EXERCISE INPUTS –
= Beginning of Section =

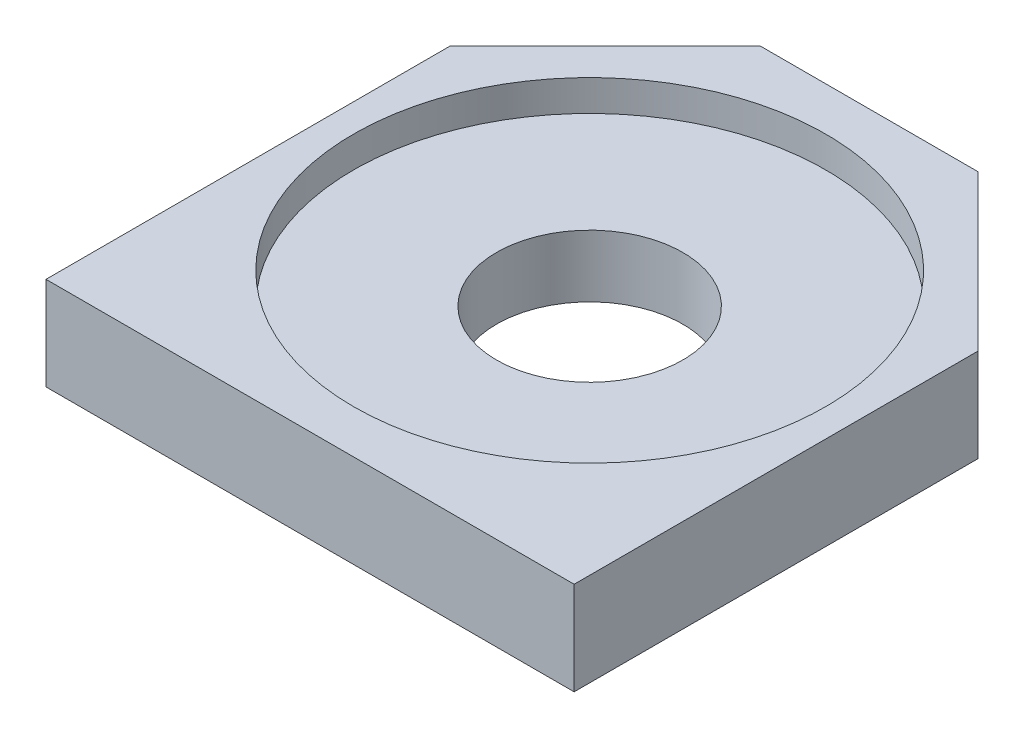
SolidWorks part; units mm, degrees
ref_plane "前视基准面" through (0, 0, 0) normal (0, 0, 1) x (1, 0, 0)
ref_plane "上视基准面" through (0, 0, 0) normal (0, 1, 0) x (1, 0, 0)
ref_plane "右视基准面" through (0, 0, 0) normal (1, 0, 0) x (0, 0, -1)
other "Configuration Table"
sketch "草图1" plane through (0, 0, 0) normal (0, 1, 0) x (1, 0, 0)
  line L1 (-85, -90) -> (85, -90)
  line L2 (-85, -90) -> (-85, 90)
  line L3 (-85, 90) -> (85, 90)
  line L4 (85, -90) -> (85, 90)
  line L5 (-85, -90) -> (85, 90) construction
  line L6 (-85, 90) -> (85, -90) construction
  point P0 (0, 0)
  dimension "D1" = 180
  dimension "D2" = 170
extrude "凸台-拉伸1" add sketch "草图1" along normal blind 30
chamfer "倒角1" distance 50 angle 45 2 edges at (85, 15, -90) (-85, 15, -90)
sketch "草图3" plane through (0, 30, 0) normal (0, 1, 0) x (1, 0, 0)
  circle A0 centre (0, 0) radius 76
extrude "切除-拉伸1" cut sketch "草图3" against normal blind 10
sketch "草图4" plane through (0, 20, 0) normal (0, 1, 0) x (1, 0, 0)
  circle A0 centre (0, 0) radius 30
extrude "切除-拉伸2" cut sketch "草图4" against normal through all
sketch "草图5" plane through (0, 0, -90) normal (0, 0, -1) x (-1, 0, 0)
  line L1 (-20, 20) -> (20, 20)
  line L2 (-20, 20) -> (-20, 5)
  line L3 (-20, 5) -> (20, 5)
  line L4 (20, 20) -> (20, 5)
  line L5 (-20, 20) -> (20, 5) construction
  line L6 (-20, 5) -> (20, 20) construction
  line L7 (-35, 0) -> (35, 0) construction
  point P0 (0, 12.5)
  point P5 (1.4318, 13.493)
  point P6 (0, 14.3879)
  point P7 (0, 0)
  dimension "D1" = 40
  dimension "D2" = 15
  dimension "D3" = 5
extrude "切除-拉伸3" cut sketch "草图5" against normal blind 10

= End of Section =

AIM OF THE EXERCISE –
Would you filter the entries above and keep each line that has the word "against"?

RESULT OF THIS TASK –
extrude "切除-拉伸1" cut sketch "草图3" against normal blind 10
extrude "切除-拉伸2" cut sketch "草图4" against normal through all
extrude "切除-拉伸3" cut sketch "草图5" against normal blind 10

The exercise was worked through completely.